_Supplied records_:
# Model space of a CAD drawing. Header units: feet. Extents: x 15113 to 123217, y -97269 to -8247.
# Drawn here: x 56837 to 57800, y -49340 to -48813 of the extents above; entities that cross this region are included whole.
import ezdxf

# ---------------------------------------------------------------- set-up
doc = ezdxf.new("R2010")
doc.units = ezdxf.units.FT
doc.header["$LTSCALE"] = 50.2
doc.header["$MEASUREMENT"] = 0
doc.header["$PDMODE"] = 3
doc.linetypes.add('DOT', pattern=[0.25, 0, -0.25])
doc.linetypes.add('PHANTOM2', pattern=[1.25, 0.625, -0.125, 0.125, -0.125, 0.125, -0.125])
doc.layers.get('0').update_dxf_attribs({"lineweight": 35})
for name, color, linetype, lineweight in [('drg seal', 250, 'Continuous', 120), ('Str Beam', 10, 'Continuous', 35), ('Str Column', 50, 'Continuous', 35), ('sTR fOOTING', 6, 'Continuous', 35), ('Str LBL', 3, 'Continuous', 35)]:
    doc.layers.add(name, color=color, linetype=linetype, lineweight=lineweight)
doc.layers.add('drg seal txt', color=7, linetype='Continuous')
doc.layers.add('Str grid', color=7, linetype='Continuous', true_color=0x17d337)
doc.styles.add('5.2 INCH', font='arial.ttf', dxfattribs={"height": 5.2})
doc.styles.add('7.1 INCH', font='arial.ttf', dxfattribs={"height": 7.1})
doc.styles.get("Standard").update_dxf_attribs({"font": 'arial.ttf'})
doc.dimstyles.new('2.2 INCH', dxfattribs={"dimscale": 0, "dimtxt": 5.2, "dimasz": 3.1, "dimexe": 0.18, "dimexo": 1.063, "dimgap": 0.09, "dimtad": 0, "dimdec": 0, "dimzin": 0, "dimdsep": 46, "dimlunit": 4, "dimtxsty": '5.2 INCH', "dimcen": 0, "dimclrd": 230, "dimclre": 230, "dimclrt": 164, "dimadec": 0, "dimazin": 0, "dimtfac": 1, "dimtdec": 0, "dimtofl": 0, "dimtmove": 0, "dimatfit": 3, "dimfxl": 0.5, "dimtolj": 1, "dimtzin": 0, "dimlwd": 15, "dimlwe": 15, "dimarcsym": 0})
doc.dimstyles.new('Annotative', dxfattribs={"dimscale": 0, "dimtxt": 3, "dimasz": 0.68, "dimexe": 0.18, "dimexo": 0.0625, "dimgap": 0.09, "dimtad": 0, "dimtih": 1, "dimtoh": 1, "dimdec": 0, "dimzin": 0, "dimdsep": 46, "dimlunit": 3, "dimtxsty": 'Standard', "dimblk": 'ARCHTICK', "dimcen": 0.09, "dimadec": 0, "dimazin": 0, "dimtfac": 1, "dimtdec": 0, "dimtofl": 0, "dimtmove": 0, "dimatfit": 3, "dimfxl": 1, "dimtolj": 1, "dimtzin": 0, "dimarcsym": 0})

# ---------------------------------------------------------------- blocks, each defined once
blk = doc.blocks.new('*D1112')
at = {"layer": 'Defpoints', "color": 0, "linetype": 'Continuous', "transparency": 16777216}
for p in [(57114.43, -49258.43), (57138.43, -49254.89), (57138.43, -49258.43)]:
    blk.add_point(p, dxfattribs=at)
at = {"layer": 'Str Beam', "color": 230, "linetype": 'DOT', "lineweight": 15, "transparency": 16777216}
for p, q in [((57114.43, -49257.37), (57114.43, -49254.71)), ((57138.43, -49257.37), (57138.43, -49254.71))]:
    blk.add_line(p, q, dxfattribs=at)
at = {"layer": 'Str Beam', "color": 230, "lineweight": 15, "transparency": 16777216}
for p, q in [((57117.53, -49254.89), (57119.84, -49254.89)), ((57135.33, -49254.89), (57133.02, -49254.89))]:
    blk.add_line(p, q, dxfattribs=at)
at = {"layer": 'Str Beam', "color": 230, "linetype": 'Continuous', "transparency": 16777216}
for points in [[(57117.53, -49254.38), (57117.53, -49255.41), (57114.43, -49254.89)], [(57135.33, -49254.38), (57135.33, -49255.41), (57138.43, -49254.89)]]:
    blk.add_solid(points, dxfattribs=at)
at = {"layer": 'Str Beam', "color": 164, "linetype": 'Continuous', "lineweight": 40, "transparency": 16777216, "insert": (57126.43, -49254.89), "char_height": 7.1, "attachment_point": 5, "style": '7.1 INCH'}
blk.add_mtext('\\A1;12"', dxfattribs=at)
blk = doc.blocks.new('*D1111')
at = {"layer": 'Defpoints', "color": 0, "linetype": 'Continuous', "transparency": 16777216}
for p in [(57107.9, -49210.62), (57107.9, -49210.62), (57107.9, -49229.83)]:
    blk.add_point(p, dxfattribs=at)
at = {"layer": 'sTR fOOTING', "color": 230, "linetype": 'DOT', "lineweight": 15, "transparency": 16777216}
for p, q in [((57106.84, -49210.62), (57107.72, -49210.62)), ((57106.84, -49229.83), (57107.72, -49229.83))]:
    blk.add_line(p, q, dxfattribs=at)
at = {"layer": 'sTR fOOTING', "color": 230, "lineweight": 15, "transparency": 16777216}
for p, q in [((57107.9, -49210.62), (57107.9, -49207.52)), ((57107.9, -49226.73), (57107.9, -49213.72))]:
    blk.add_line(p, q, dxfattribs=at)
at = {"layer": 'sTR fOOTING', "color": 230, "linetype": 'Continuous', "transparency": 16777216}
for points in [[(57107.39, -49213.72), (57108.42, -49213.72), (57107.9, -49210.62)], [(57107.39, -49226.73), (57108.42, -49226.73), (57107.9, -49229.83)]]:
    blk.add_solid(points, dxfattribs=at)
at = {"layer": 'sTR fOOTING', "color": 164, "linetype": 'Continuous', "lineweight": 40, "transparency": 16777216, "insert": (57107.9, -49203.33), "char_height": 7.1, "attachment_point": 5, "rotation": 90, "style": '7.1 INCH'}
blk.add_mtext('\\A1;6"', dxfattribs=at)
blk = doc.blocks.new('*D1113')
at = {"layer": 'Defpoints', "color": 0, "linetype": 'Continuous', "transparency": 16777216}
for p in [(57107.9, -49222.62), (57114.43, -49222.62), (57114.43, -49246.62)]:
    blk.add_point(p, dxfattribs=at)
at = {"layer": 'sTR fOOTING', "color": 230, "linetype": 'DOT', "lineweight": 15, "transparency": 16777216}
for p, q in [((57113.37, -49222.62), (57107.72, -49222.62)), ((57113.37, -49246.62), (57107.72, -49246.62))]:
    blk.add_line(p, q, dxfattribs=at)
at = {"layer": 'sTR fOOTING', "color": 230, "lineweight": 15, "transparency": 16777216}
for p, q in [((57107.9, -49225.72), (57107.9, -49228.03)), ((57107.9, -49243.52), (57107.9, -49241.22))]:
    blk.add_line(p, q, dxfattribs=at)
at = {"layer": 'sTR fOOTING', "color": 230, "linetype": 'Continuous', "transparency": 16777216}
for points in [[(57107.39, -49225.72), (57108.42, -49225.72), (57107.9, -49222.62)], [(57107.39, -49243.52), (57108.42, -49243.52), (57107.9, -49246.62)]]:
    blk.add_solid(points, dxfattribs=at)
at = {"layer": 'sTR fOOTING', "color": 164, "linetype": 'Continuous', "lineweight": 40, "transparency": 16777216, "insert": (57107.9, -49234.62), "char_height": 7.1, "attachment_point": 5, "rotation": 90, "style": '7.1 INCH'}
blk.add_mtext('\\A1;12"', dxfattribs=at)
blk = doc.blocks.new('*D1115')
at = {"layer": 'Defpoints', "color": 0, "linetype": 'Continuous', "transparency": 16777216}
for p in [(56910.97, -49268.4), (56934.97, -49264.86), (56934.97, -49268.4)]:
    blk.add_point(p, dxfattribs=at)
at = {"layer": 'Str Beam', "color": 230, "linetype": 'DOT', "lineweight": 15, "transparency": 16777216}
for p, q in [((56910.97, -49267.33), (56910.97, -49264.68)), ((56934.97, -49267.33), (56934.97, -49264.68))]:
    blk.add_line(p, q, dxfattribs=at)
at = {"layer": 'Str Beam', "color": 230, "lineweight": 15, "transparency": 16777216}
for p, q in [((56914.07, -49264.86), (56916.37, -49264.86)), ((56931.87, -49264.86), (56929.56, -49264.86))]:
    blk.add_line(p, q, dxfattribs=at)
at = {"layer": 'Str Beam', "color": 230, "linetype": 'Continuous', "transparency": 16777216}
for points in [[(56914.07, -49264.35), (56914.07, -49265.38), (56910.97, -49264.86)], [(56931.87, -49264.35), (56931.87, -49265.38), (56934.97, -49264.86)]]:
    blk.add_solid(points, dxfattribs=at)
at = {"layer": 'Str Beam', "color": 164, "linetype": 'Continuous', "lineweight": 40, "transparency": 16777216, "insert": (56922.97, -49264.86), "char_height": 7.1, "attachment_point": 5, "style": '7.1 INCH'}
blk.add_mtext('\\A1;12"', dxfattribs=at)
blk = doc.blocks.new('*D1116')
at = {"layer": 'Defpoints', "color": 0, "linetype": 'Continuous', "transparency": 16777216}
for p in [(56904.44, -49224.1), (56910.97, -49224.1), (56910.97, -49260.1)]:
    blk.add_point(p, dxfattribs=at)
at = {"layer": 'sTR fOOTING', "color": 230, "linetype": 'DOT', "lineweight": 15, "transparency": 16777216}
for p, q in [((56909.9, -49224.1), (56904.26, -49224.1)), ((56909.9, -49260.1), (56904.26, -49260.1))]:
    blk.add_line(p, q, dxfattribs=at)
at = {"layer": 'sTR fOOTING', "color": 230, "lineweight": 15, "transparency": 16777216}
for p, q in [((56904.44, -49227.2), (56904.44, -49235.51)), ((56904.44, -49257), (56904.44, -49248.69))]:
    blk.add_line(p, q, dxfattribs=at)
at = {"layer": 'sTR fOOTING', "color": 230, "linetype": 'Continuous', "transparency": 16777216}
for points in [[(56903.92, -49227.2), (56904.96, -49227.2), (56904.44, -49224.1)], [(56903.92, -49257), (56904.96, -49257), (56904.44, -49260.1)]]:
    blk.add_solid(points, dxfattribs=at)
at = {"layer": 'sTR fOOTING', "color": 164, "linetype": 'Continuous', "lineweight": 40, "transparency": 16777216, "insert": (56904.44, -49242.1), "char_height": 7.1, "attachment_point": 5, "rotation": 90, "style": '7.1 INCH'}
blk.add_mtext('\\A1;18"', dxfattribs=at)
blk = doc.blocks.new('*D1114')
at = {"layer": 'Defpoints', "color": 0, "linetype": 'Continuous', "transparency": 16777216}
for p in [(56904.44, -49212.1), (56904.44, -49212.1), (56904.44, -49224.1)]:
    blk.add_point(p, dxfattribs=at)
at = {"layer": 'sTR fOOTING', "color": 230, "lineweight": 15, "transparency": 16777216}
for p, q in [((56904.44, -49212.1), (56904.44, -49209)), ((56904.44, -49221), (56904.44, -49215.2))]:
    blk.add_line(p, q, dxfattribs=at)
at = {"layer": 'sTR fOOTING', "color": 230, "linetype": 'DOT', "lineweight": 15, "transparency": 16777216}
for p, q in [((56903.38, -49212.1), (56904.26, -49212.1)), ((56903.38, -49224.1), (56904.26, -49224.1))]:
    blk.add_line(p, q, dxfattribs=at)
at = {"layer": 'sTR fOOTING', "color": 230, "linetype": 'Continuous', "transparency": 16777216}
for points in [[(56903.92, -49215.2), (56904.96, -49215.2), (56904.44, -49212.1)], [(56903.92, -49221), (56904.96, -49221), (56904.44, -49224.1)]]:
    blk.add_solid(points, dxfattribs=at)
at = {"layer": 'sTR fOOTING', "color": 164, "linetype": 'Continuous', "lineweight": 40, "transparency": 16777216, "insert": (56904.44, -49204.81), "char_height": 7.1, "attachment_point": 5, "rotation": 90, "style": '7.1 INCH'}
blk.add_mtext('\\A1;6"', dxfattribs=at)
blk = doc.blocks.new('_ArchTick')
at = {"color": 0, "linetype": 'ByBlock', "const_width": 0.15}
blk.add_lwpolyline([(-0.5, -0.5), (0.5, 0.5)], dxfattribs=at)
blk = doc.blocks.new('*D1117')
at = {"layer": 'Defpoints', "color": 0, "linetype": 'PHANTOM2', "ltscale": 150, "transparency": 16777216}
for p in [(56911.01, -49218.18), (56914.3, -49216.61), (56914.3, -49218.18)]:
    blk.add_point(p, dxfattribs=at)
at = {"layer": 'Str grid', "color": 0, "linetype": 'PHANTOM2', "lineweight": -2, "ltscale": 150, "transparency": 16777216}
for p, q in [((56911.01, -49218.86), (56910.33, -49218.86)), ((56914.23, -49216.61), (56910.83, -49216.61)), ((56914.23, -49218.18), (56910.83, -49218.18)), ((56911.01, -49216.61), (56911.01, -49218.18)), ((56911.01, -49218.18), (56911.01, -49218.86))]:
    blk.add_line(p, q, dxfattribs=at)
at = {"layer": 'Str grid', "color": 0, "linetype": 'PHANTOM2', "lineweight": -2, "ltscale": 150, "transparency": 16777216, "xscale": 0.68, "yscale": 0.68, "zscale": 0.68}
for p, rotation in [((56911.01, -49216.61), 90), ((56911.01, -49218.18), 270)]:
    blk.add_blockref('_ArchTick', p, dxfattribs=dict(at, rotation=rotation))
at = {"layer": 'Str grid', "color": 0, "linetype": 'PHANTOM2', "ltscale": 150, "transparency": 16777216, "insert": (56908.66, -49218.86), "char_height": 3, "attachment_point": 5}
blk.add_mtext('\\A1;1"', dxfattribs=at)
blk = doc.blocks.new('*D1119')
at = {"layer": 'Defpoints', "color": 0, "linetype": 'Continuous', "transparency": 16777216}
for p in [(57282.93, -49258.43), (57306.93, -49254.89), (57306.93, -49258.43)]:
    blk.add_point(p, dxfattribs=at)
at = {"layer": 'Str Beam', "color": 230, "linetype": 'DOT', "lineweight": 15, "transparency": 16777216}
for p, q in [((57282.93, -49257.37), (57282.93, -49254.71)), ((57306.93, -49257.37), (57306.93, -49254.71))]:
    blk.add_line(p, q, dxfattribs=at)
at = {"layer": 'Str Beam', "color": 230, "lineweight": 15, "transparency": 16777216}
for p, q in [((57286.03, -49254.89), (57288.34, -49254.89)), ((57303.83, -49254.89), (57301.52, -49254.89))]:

_What is required_: Give the number of lines containing "name" in the entries, and no other text.

_Exercise solution_: 2